» **Records contained in a dataset**

________________________________________

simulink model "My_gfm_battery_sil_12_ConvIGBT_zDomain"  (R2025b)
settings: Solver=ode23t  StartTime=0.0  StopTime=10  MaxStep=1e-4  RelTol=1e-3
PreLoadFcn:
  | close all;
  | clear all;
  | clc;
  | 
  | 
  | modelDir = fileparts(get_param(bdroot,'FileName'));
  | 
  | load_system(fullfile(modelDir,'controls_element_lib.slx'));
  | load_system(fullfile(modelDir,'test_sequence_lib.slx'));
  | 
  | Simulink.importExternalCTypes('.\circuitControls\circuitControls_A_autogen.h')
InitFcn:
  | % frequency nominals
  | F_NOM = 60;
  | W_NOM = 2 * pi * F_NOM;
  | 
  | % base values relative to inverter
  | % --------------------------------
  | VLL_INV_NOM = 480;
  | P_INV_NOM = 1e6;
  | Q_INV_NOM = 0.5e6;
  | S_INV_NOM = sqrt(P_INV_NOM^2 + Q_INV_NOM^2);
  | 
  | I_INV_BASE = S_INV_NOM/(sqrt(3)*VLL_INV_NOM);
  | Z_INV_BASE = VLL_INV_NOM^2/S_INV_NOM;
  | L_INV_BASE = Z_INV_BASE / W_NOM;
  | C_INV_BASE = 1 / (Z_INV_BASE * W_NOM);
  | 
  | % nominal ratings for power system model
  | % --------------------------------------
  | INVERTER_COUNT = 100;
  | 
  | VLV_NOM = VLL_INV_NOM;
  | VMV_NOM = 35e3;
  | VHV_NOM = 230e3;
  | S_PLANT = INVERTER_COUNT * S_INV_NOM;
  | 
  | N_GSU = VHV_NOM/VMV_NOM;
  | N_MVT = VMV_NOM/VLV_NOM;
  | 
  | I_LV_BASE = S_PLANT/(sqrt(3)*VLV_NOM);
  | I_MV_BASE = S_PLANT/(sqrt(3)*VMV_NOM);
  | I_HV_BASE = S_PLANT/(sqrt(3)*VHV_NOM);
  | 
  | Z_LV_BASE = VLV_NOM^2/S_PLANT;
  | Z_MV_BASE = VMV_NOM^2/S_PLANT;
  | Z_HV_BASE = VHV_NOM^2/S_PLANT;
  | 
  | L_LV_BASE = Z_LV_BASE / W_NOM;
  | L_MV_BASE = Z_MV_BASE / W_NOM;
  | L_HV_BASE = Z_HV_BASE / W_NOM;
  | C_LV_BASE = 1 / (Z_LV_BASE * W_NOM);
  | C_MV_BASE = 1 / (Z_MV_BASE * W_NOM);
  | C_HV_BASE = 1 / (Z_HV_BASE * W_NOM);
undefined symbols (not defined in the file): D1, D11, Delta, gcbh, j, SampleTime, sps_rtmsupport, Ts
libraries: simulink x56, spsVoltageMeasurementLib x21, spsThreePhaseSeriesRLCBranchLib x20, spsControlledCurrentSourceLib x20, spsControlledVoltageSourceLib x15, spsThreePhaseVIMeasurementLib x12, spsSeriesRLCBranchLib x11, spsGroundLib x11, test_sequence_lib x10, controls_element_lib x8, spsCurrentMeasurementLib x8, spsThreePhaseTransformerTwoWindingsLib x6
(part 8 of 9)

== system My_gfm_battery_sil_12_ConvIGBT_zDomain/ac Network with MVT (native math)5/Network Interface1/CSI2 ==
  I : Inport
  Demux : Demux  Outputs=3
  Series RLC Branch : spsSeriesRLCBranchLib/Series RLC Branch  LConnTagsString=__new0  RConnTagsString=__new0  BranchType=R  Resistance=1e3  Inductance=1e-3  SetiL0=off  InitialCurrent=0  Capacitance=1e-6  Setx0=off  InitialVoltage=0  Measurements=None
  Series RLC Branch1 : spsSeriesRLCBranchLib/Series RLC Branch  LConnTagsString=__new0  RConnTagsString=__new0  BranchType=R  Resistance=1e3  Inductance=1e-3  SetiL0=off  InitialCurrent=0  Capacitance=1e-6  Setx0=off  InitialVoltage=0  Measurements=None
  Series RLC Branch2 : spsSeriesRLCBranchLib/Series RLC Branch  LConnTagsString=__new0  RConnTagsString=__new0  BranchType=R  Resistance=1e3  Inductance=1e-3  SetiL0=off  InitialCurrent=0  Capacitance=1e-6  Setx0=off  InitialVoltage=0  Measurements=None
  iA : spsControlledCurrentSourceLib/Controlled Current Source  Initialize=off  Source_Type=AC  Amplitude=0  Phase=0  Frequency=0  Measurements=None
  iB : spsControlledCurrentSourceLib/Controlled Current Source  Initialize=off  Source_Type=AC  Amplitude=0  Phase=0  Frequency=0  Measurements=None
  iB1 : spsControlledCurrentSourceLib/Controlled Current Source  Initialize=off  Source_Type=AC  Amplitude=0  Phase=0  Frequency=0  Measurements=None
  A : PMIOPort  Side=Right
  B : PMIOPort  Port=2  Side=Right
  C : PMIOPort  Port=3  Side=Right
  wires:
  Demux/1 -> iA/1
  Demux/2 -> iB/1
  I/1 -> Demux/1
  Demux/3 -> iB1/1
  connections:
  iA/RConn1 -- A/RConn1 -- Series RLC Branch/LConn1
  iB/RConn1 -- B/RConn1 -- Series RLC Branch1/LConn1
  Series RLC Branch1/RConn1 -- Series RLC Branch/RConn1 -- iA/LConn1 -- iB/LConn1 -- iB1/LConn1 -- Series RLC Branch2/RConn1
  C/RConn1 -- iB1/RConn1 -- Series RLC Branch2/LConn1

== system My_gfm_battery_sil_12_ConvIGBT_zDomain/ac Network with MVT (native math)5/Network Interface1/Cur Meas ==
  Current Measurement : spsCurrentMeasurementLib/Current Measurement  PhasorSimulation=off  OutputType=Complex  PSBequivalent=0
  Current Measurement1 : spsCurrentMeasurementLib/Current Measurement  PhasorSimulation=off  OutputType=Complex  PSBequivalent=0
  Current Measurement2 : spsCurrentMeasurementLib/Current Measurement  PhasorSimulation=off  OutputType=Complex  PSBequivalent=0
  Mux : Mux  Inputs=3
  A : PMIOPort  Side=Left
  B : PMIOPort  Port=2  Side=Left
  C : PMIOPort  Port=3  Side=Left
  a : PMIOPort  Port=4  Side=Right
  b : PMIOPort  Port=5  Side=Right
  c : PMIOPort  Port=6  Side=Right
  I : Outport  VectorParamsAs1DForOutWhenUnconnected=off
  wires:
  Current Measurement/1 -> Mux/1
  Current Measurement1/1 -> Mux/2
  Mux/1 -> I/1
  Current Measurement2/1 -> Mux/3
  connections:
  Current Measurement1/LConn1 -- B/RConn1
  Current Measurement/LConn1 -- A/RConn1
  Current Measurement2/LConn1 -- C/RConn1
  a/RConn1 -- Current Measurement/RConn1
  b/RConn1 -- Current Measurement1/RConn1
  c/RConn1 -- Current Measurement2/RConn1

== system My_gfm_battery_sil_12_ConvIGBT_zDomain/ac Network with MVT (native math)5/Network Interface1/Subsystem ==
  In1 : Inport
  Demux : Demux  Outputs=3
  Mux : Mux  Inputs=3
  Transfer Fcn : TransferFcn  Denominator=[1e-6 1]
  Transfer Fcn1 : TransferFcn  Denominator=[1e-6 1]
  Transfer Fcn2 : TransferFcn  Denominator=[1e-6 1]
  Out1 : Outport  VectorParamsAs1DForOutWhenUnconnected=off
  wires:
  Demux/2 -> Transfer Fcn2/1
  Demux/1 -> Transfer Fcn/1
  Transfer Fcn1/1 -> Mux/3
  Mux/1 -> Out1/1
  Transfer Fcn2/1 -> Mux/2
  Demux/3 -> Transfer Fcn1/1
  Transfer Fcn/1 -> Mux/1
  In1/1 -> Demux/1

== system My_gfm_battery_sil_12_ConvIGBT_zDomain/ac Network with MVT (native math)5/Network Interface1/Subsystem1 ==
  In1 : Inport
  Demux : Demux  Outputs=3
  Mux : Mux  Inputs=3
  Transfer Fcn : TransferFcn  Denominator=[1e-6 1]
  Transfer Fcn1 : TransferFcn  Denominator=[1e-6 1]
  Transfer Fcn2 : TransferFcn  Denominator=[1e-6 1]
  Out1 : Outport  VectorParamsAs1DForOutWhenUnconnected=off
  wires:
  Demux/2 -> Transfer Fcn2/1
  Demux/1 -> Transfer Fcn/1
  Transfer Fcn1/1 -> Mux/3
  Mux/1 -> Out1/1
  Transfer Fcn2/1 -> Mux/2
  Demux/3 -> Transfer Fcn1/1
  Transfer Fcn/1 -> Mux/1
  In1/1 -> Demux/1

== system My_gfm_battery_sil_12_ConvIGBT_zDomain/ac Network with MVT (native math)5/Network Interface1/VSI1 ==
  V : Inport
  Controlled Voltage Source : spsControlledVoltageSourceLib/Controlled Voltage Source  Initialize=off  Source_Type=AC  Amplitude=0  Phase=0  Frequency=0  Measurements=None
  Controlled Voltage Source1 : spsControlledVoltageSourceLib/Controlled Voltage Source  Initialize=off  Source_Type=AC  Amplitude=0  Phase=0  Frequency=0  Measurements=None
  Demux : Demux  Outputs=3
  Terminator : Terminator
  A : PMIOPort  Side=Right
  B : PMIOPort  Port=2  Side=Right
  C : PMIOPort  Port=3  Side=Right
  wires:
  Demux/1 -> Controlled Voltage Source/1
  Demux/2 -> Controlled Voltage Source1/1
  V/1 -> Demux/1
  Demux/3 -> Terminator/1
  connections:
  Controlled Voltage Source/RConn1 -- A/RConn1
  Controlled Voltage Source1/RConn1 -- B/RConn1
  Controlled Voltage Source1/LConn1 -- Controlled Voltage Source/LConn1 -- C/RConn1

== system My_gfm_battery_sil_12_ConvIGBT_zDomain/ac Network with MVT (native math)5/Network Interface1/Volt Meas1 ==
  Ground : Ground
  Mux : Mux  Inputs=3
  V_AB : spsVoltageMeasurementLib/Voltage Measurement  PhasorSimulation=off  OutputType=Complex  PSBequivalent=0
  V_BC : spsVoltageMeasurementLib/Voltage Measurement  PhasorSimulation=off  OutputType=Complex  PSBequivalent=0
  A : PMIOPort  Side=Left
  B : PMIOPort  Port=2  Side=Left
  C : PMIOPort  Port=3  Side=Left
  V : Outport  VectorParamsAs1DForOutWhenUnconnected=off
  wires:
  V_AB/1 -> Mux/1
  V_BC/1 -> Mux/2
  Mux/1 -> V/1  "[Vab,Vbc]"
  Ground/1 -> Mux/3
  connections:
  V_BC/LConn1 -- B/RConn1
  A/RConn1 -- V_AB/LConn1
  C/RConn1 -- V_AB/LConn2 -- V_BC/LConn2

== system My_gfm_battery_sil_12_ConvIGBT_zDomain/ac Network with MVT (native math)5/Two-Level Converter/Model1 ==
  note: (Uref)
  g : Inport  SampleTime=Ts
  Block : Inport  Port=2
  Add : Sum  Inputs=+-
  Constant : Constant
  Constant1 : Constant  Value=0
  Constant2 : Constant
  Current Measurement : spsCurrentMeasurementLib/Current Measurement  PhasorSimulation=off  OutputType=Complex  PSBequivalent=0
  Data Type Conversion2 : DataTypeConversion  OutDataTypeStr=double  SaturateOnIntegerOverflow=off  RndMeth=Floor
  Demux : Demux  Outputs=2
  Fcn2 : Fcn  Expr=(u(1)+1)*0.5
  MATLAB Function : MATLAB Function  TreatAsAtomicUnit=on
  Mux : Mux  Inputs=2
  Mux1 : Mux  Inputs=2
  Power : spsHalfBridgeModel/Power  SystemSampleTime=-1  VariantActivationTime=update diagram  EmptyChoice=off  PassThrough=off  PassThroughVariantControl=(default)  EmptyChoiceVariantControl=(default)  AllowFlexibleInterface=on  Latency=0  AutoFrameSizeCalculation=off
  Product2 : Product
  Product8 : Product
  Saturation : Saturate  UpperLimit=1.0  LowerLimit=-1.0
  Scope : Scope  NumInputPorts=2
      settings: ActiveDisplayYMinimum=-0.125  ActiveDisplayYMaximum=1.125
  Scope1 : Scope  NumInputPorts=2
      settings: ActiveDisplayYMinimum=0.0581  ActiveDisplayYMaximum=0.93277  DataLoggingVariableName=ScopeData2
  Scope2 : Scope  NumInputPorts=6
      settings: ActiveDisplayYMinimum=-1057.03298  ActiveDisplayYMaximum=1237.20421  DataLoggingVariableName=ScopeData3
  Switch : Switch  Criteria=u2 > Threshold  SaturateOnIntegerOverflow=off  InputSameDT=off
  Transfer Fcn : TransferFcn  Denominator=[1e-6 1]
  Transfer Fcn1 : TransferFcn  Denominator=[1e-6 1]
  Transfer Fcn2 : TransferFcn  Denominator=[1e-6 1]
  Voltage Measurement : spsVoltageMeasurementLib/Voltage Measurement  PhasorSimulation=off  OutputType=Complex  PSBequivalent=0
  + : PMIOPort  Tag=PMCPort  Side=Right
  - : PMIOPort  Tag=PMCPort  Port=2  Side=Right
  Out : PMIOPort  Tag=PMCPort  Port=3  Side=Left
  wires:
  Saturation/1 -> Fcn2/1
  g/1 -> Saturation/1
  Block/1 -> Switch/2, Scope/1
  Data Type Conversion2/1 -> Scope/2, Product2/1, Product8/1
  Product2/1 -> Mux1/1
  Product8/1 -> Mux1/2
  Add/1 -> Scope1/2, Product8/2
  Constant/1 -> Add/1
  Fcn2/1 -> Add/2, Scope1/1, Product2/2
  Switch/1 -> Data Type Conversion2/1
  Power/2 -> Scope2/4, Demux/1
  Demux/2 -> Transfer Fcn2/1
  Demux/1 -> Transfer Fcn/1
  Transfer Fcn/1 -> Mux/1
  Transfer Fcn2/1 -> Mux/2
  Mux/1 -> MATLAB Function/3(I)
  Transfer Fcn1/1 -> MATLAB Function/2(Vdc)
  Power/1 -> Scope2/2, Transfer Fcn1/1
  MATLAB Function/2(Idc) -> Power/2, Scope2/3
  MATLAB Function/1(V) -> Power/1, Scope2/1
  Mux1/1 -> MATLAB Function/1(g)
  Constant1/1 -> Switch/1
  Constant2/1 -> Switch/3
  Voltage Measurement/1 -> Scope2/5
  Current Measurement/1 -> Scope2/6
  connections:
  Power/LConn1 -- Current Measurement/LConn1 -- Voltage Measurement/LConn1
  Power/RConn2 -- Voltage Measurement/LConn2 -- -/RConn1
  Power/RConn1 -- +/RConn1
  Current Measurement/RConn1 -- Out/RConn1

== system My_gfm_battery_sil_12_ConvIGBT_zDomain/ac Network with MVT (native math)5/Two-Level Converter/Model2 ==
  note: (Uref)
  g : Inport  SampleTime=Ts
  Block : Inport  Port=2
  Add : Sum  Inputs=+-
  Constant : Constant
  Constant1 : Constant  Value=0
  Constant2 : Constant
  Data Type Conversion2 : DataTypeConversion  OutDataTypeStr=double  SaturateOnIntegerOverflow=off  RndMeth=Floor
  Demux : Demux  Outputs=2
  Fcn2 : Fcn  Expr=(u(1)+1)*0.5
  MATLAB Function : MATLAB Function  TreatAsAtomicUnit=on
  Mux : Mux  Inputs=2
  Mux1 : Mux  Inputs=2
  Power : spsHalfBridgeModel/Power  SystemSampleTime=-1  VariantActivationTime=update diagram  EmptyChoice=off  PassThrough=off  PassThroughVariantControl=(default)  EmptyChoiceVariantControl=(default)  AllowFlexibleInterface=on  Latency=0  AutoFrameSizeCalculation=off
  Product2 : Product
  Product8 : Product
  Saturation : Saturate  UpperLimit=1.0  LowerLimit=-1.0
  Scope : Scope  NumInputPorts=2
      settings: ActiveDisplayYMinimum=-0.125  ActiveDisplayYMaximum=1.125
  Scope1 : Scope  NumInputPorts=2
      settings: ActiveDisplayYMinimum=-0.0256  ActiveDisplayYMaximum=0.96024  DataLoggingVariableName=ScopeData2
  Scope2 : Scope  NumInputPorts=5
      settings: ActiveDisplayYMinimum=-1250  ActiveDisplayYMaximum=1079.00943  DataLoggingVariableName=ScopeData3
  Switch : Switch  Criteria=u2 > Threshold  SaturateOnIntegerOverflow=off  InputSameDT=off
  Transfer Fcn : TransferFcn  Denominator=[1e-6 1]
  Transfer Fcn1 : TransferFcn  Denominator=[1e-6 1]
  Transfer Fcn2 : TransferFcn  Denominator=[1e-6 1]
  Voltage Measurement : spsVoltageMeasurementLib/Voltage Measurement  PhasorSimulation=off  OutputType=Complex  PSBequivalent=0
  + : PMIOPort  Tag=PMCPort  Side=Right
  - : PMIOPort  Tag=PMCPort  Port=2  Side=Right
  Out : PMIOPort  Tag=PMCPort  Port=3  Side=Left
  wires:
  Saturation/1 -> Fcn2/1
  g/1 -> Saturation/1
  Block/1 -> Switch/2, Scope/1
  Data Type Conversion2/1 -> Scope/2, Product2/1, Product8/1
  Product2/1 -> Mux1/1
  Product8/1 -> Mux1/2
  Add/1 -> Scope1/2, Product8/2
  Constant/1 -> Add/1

________________________________________

Find the word "Network" in the entries above and gather every line that holds it.

» **Solution**
== system My_gfm_battery_sil_12_ConvIGBT_zDomain/ac Network with MVT (native math)5/Network Interface1/CSI2 ==
== system My_gfm_battery_sil_12_ConvIGBT_zDomain/ac Network with MVT (native math)5/Network Interface1/Cur Meas ==
== system My_gfm_battery_sil_12_ConvIGBT_zDomain/ac Network with MVT (native math)5/Network Interface1/Subsystem ==
== system My_gfm_battery_sil_12_ConvIGBT_zDomain/ac Network with MVT (native math)5/Network Interface1/Subsystem1 ==
== system My_gfm_battery_sil_12_ConvIGBT_zDomain/ac Network with MVT (native math)5/Network Interface1/VSI1 ==
== system My_gfm_battery_sil_12_ConvIGBT_zDomain/ac Network with MVT (native math)5/Network Interface1/Volt Meas1 ==
== system My_gfm_battery_sil_12_ConvIGBT_zDomain/ac Network with MVT (native math)5/Two-Level Converter/Model1 ==
== system My_gfm_battery_sil_12_ConvIGBT_zDomain/ac Network with MVT (native math)5/Two-Level Converter/Model2 ==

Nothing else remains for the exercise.